**AIM OF THE EXERCISE**
Give again the lines from the line with "K_lead_0 = K_lead" to the last line of the records, exactly and in full. Do not carry over any pictures.

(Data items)
· · ·
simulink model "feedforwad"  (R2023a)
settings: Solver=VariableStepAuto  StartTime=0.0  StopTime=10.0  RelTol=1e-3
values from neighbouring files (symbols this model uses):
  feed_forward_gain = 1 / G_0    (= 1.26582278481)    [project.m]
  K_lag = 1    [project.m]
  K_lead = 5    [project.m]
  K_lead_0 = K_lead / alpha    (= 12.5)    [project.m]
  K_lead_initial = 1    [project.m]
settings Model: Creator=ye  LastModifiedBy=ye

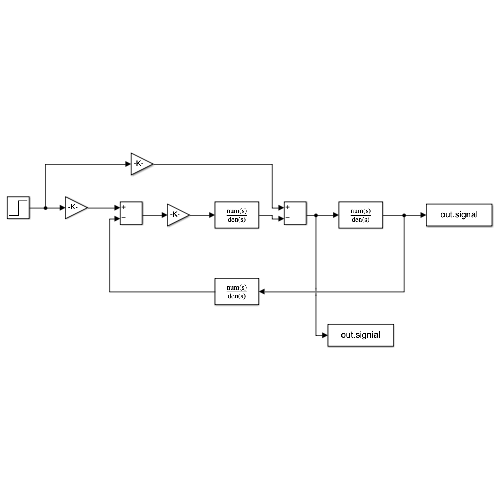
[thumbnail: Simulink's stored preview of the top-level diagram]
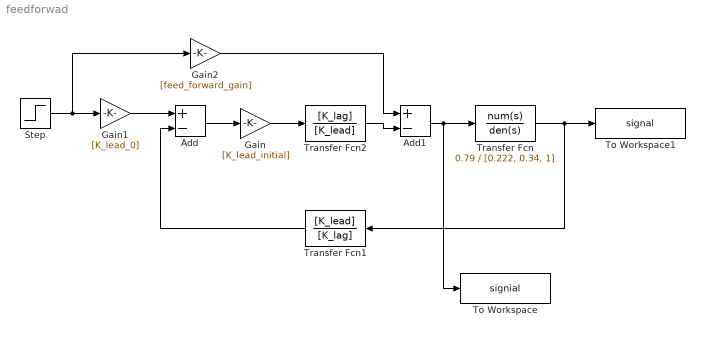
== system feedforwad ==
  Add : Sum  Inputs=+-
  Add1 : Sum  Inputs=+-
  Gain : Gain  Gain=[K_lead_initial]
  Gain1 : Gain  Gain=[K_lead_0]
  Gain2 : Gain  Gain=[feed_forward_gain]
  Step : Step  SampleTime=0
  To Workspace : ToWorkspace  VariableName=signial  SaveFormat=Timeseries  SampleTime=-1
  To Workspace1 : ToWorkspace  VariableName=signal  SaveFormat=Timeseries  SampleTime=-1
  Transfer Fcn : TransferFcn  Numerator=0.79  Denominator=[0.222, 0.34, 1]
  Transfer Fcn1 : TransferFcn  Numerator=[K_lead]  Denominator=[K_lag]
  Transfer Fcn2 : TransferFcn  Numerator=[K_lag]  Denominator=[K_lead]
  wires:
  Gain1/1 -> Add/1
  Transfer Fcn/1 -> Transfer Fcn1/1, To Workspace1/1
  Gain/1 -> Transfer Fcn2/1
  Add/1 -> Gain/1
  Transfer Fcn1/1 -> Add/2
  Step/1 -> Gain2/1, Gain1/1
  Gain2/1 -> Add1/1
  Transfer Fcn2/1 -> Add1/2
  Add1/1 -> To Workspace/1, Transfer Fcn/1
· · ·
**THE COMPLETED TASK**
  K_lead_0 = K_lead / alpha    (= 12.5)    [project.m]
  K_lead_initial = 1    [project.m]
settings Model: Creator=ye  LastModifiedBy=ye

[thumbnail: Simulink's stored preview of the top-level diagram]
== system feedforwad ==
  Add : Sum  Inputs=+-
  Add1 : Sum  Inputs=+-
  Gain : Gain  Gain=[K_lead_initial]
  Gain1 : Gain  Gain=[K_lead_0]
  Gain2 : Gain  Gain=[feed_forward_gain]
  Step : Step  SampleTime=0
  To Workspace : ToWorkspace  VariableName=signial  SaveFormat=Timeseries  SampleTime=-1
  To Workspace1 : ToWorkspace  VariableName=signal  SaveFormat=Timeseries  SampleTime=-1
  Transfer Fcn : TransferFcn  Numerator=0.79  Denominator=[0.222, 0.34, 1]
  Transfer Fcn1 : TransferFcn  Numerator=[K_lead]  Denominator=[K_lag]
  Transfer Fcn2 : TransferFcn  Numerator=[K_lag]  Denominator=[K_lead]
  wires:
  Gain1/1 -> Add/1
  Transfer Fcn/1 -> Transfer Fcn1/1, To Workspace1/1
  Gain/1 -> Transfer Fcn2/1
  Add/1 -> Gain/1
  Transfer Fcn1/1 -> Add/2
  Step/1 -> Gain2/1, Gain1/1
  Gain2/1 -> Add1/1
  Transfer Fcn2/1 -> Add1/2
  Add1/1 -> To Workspace/1, Transfer Fcn/1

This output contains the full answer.